Look for "#25632 = DIRECTION" in the entries below. Write out that line and all later lines exactly, ending with the final one.

═══ SUPPLIED DATA

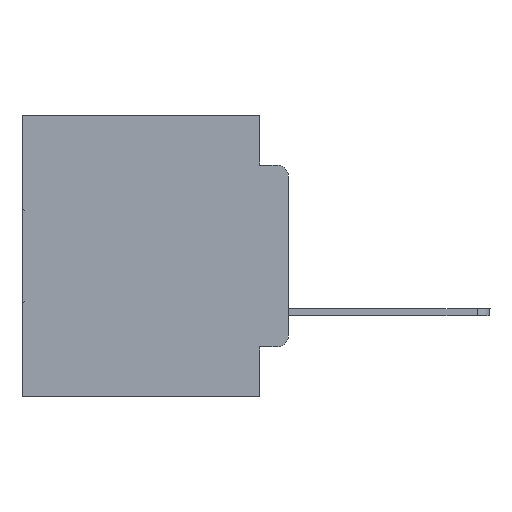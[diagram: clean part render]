
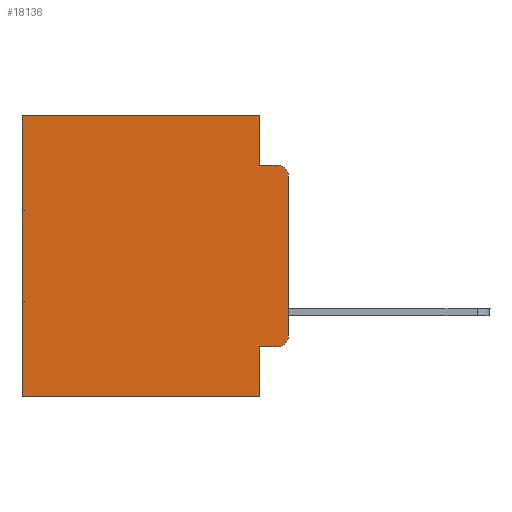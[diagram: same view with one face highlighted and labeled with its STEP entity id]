
A CAD part, left-side view. The second image highlights one B-rep face of the part: STEP entity #18136.
In plain terms, the highlighted planar face has unit normal (-1, 0, 0).
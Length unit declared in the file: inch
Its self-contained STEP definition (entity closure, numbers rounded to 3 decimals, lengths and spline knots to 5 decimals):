
#300 = CARTESIAN_POINT ( 'NONE',  ( 0.298, 0.051, 0. ) ) ;
#344 = CARTESIAN_POINT ( 'NONE',  ( 0.298, 0.473, -0.5 ) ) ;
#393 = LINE ( 'NONE', #14838, #26340 ) ;
#412 = EDGE_CURVE ( 'NONE', #8725, #10194, #27267, .T. ) ;
#553 = VERTEX_POINT ( 'NONE', #6184 ) ;
#905 = DIRECTION ( 'NONE',  ( 0., -1., 0. ) ) ;
#2847 = CARTESIAN_POINT ( 'NONE',  ( 0.298, 0.051, -0.4115 ) ) ;
#2975 = EDGE_CURVE ( 'NONE', #24830, #24715, #20651, .T. ) ;
#3291 = CARTESIAN_POINT ( 'NONE',  ( 0.298, 0.02, -0.3915 ) ) ;
#3476 = ORIENTED_EDGE ( 'NONE', *, *, #18962, .F. ) ;
#3497 = VECTOR ( 'NONE', #21985, 39.37008 ) ;
#4708 = ORIENTED_EDGE ( 'NONE', *, *, #2975, .T. ) ;
#5120 = LINE ( 'NONE', #15005, #3497 ) ;
#5621 = EDGE_CURVE ( 'NONE', #16372, #13106, #5120, .T. ) ;
#6184 = CARTESIAN_POINT ( 'NONE',  ( 0.298, 0.051, -0.0885 ) ) ;
#7818 = CARTESIAN_POINT ( 'NONE',  ( 0.298, 0., 0. ) ) ;
#8092 = VERTEX_POINT ( 'NONE', #11266 ) ;
#8288 = PLANE ( 'NONE',  #24819 ) ;
#8318 = DIRECTION ( 'NONE',  ( 0., 0., -1. ) ) ;
#8462 = CARTESIAN_POINT ( 'NONE',  ( 0.298, 0.02, -0.4115 ) ) ;
#8636 = DIRECTION ( 'NONE',  ( -1., 0., 0. ) ) ;
#8668 = LINE ( 'NONE', #16137, #28186 ) ;
#8725 = VERTEX_POINT ( 'NONE', #12940 ) ;
#8816 = DIRECTION ( 'NONE',  ( 0., 1., 0. ) ) ;
#9105 = CARTESIAN_POINT ( 'NONE',  ( 0.298, 0.051, -0.4115 ) ) ;
#10066 = DIRECTION ( 'NONE',  ( 0., 0., -1. ) ) ;
#10167 = EDGE_CURVE ( 'NONE', #24715, #10194, #11424, .T. ) ;
#10194 = VERTEX_POINT ( 'NONE', #13316 ) ;
#10248 = DIRECTION ( 'NONE',  ( 0., 0., -1. ) ) ;
#10424 = LINE ( 'NONE', #20324, #31055 ) ;
#10699 = CARTESIAN_POINT ( 'NONE',  ( 0.298, 0., 0. ) ) ;
#10894 = ORIENTED_EDGE ( 'NONE', *, *, #17700, .F. ) ;
#11073 = EDGE_LOOP ( 'NONE', ( #15384, #31810, #14956, #31283, #24617, #13841, #3476, #10894, #4708, #21557 ) ) ;
#11195 = DIRECTION ( 'NONE',  ( 0., 0., -1. ) ) ;
#11247 = DIRECTION ( 'NONE',  ( 0., -1., 0. ) ) ;
#11266 = CARTESIAN_POINT ( 'NONE',  ( 0.298, 0.051, -0.5 ) ) ;
#11424 = CIRCLE ( 'NONE', #15586, 0.02 ) ;
#11890 = EDGE_CURVE ( 'NONE', #20791, #553, #29798, .T. ) ;
#12055 = VECTOR ( 'NONE', #20055, 39.37008 ) ;
#12940 = CARTESIAN_POINT ( 'NONE',  ( 0.298, 0., -0.1085 ) ) ;
#13106 = VERTEX_POINT ( 'NONE', #344 ) ;
#13143 = DIRECTION ( 'NONE',  ( 1., 0., 0. ) ) ;
#13316 = CARTESIAN_POINT ( 'NONE',  ( 0.298, 0., -0.3915 ) ) ;
#13742 = CARTESIAN_POINT ( 'NONE',  ( 0.298, 0., 0. ) ) ;
#13801 = FACE_OUTER_BOUND ( 'NONE', #11073, .T. ) ;
#13841 = ORIENTED_EDGE ( 'NONE', *, *, #5621, .T. ) ;
#14838 = CARTESIAN_POINT ( 'NONE',  ( 0.298, 0.051, 0. ) ) ;
#14851 = CIRCLE ( 'NONE', #22572, 0.02 ) ;
#14956 = ORIENTED_EDGE ( 'NONE', *, *, #26264, .F. ) ;
#15005 = CARTESIAN_POINT ( 'NONE',  ( 0.298, 0.473, 0. ) ) ;
#15384 = ORIENTED_EDGE ( 'NONE', *, *, #412, .F. ) ;
#15586 = AXIS2_PLACEMENT_3D ( 'NONE', #3291, #28558, #11195 ) ;
#15939 = CARTESIAN_POINT ( 'NONE',  ( 0.298, 0.02, -0.1085 ) ) ;
#16137 = CARTESIAN_POINT ( 'NONE',  ( 0.298, 0.051, -0.0885 ) ) ;
#16372 = VERTEX_POINT ( 'NONE', #30191 ) ;
#16510 = EDGE_CURVE ( 'NONE', #8725, #26873, #14851, .T. ) ;
#17411 = VECTOR ( 'NONE', #31387, 39.37008 ) ;
#17700 = EDGE_CURVE ( 'NONE', #24830, #8092, #393, .T. ) ;
#18136 = ADVANCED_FACE ( 'NONE', ( #13801 ), #8288, .F. ) ;
#18962 = EDGE_CURVE ( 'NONE', #8092, #13106, #10424, .T. ) ;
#19292 = CARTESIAN_POINT ( 'NONE',  ( 0.298, 0.02, -0.0885 ) ) ;
#19513 = CARTESIAN_POINT ( 'NONE',  ( 0.298, 0.051, 0. ) ) ;
#20055 = DIRECTION ( 'NONE',  ( 0., 0., -1. ) ) ;
#20324 = CARTESIAN_POINT ( 'NONE',  ( 0.298, 0., -0.5 ) ) ;
#20651 = LINE ( 'NONE', #2847, #25776 ) ;
#20791 = VERTEX_POINT ( 'NONE', #19513 ) ;
#21182 = LINE ( 'NONE', #13742, #17411 ) ;
#21557 = ORIENTED_EDGE ( 'NONE', *, *, #10167, .T. ) ;
#21977 = VECTOR ( 'NONE', #10066, 39.37008 ) ;
#21985 = DIRECTION ( 'NONE',  ( 0., 0., -1. ) ) ;
#22572 = AXIS2_PLACEMENT_3D ( 'NONE', #15939, #8636, #8318 ) ;
#24617 = ORIENTED_EDGE ( 'NONE', *, *, #28050, .T. ) ;
#24715 = VERTEX_POINT ( 'NONE', #8462 ) ;
#24819 = AXIS2_PLACEMENT_3D ( 'NONE', #10699, #13143, #25632 ) ;
#24830 = VERTEX_POINT ( 'NONE', #9105 ) ;
#25632 = DIRECTION ( 'NONE',  ( 0., 0., -1. ) ) ;
#25776 = VECTOR ( 'NONE', #905, 39.37008 ) ;
#26264 = EDGE_CURVE ( 'NONE', #553, #26873, #8668, .T. ) ;
#26340 = VECTOR ( 'NONE', #10248, 39.37008 ) ;
#26873 = VERTEX_POINT ( 'NONE', #19292 ) ;
#27267 = LINE ( 'NONE', #7818, #21977 ) ;
#28050 = EDGE_CURVE ( 'NONE', #20791, #16372, #21182, .T. ) ;
#28186 = VECTOR ( 'NONE', #11247, 39.37008 ) ;
#28558 = DIRECTION ( 'NONE',  ( -1., 0., 0. ) ) ;
#29798 = LINE ( 'NONE', #300, #12055 ) ;
#30191 = CARTESIAN_POINT ( 'NONE',  ( 0.298, 0.473, 0. ) ) ;
#31055 = VECTOR ( 'NONE', #8816, 39.37008 ) ;
#31283 = ORIENTED_EDGE ( 'NONE', *, *, #11890, .F. ) ;
#31387 = DIRECTION ( 'NONE',  ( 0., 1., 0. ) ) ;
#31810 = ORIENTED_EDGE ( 'NONE', *, *, #16510, .T. ) ;

══════

_PROBLEM SOLUTION_.
#25632 = DIRECTION ( 'NONE',  ( 0., 0., -1. ) ) ;
#25776 = VECTOR ( 'NONE', #905, 39.37008 ) ;
#26264 = EDGE_CURVE ( 'NONE', #553, #26873, #8668, .T. ) ;
#26340 = VECTOR ( 'NONE', #10248, 39.37008 ) ;
#26873 = VERTEX_POINT ( 'NONE', #19292 ) ;
#27267 = LINE ( 'NONE', #7818, #21977 ) ;
#28050 = EDGE_CURVE ( 'NONE', #20791, #16372, #21182, .T. ) ;
#28186 = VECTOR ( 'NONE', #11247, 39.37008 ) ;
#28558 = DIRECTION ( 'NONE',  ( -1., 0., 0. ) ) ;
#29798 = LINE ( 'NONE', #300, #12055 ) ;
#30191 = CARTESIAN_POINT ( 'NONE',  ( 0.298, 0.473, 0. ) ) ;
#31055 = VECTOR ( 'NONE', #8816, 39.37008 ) ;
#31283 = ORIENTED_EDGE ( 'NONE', *, *, #11890, .F. ) ;
#31387 = DIRECTION ( 'NONE',  ( 0., 1., 0. ) ) ;
#31810 = ORIENTED_EDGE ( 'NONE', *, *, #16510, .T. ) ;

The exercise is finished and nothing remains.